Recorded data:
+ + + +

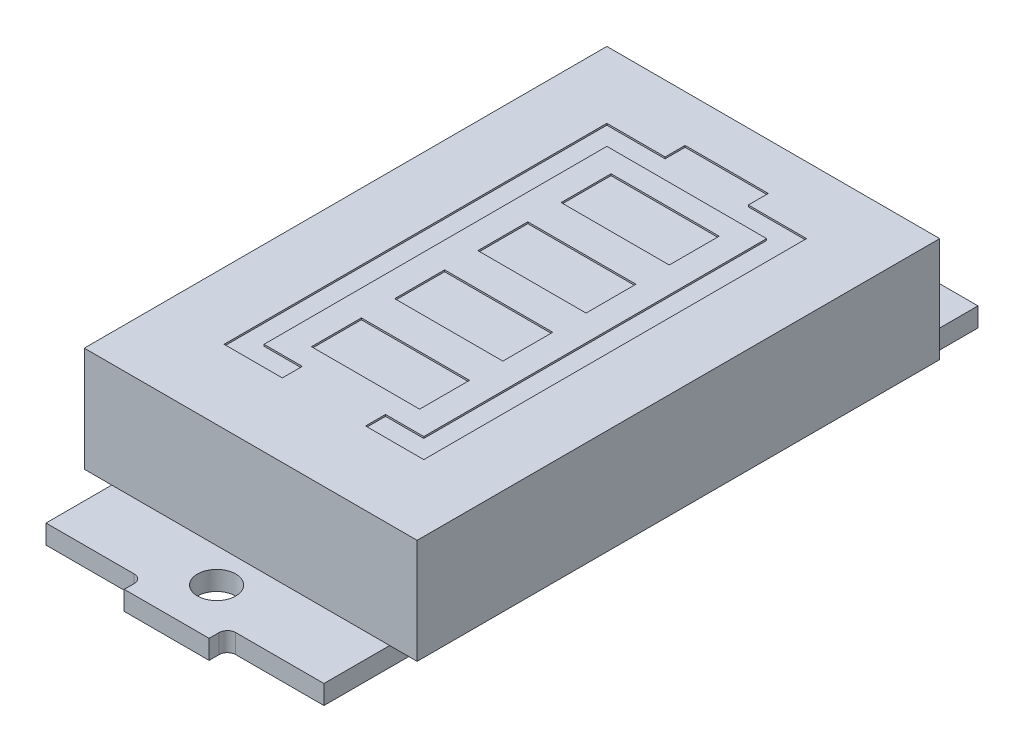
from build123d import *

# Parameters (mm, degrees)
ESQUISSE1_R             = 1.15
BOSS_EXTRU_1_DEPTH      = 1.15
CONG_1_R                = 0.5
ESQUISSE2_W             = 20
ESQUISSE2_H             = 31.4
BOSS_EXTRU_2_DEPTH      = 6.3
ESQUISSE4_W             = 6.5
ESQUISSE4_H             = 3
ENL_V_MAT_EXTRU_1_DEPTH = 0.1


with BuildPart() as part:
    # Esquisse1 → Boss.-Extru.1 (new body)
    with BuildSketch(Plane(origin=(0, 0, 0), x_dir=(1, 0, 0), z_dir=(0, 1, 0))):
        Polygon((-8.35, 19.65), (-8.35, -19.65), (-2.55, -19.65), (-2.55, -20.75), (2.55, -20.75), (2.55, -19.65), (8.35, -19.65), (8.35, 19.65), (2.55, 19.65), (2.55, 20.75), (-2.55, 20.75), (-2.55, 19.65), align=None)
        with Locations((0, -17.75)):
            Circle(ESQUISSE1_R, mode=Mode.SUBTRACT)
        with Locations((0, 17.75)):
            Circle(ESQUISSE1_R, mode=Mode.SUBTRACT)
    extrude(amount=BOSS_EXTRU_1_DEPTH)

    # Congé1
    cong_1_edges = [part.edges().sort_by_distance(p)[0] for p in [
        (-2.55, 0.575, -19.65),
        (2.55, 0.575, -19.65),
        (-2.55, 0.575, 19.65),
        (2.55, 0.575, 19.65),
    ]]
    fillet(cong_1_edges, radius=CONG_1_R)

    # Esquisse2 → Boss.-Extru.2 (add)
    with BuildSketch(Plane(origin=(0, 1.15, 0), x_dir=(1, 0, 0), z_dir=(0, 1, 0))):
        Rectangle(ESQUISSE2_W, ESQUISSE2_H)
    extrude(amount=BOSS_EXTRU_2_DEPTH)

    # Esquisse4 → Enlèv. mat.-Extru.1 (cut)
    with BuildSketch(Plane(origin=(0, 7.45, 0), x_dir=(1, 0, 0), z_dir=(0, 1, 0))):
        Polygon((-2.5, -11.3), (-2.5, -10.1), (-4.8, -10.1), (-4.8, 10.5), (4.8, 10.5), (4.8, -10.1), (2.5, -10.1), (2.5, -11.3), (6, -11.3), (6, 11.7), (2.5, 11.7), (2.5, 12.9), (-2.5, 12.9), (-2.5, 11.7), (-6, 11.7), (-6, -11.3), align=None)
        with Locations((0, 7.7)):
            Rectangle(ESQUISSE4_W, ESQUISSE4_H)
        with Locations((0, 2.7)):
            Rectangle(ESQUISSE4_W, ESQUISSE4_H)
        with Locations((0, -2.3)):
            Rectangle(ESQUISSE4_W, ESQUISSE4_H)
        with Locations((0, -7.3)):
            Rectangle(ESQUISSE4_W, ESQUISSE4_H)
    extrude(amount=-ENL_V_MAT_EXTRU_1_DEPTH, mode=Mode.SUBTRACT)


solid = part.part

+ + + +

--- EXERCISE BRIEF ---
Give the records again without a single change, and exclude the pictures.

--- TASK ANSWER ---
from build123d import *

# Parameters (mm, degrees)
ESQUISSE1_R             = 1.15
BOSS_EXTRU_1_DEPTH      = 1.15
CONG_1_R                = 0.5
ESQUISSE2_W             = 20
ESQUISSE2_H             = 31.4
BOSS_EXTRU_2_DEPTH      = 6.3
ESQUISSE4_W             = 6.5
ESQUISSE4_H             = 3
ENL_V_MAT_EXTRU_1_DEPTH = 0.1


with BuildPart() as part:
    # Esquisse1 → Boss.-Extru.1 (new body)
    with BuildSketch(Plane(origin=(0, 0, 0), x_dir=(1, 0, 0), z_dir=(0, 1, 0))):
        Polygon((-8.35, 19.65), (-8.35, -19.65), (-2.55, -19.65), (-2.55, -20.75), (2.55, -20.75), (2.55, -19.65), (8.35, -19.65), (8.35, 19.65), (2.55, 19.65), (2.55, 20.75), (-2.55, 20.75), (-2.55, 19.65), align=None)
        with Locations((0, -17.75)):
            Circle(ESQUISSE1_R, mode=Mode.SUBTRACT)
        with Locations((0, 17.75)):
            Circle(ESQUISSE1_R, mode=Mode.SUBTRACT)
    extrude(amount=BOSS_EXTRU_1_DEPTH)

    # Congé1
    cong_1_edges = [part.edges().sort_by_distance(p)[0] for p in [
        (-2.55, 0.575, -19.65),
        (2.55, 0.575, -19.65),
        (-2.55, 0.575, 19.65),
        (2.55, 0.575, 19.65),
    ]]
    fillet(cong_1_edges, radius=CONG_1_R)

    # Esquisse2 → Boss.-Extru.2 (add)
    with BuildSketch(Plane(origin=(0, 1.15, 0), x_dir=(1, 0, 0), z_dir=(0, 1, 0))):
        Rectangle(ESQUISSE2_W, ESQUISSE2_H)
    extrude(amount=BOSS_EXTRU_2_DEPTH)

    # Esquisse4 → Enlèv. mat.-Extru.1 (cut)
    with BuildSketch(Plane(origin=(0, 7.45, 0), x_dir=(1, 0, 0), z_dir=(0, 1, 0))):
        Polygon((-2.5, -11.3), (-2.5, -10.1), (-4.8, -10.1), (-4.8, 10.5), (4.8, 10.5), (4.8, -10.1), (2.5, -10.1), (2.5, -11.3), (6, -11.3), (6, 11.7), (2.5, 11.7), (2.5, 12.9), (-2.5, 12.9), (-2.5, 11.7), (-6, 11.7), (-6, -11.3), align=None)
        with Locations((0, 7.7)):
            Rectangle(ESQUISSE4_W, ESQUISSE4_H)
        with Locations((0, 2.7)):
            Rectangle(ESQUISSE4_W, ESQUISSE4_H)
        with Locations((0, -2.3)):
            Rectangle(ESQUISSE4_W, ESQUISSE4_H)
        with Locations((0, -7.3)):
            Rectangle(ESQUISSE4_W, ESQUISSE4_H)
    extrude(amount=-ENL_V_MAT_EXTRU_1_DEPTH, mode=Mode.SUBTRACT)


solid = part.part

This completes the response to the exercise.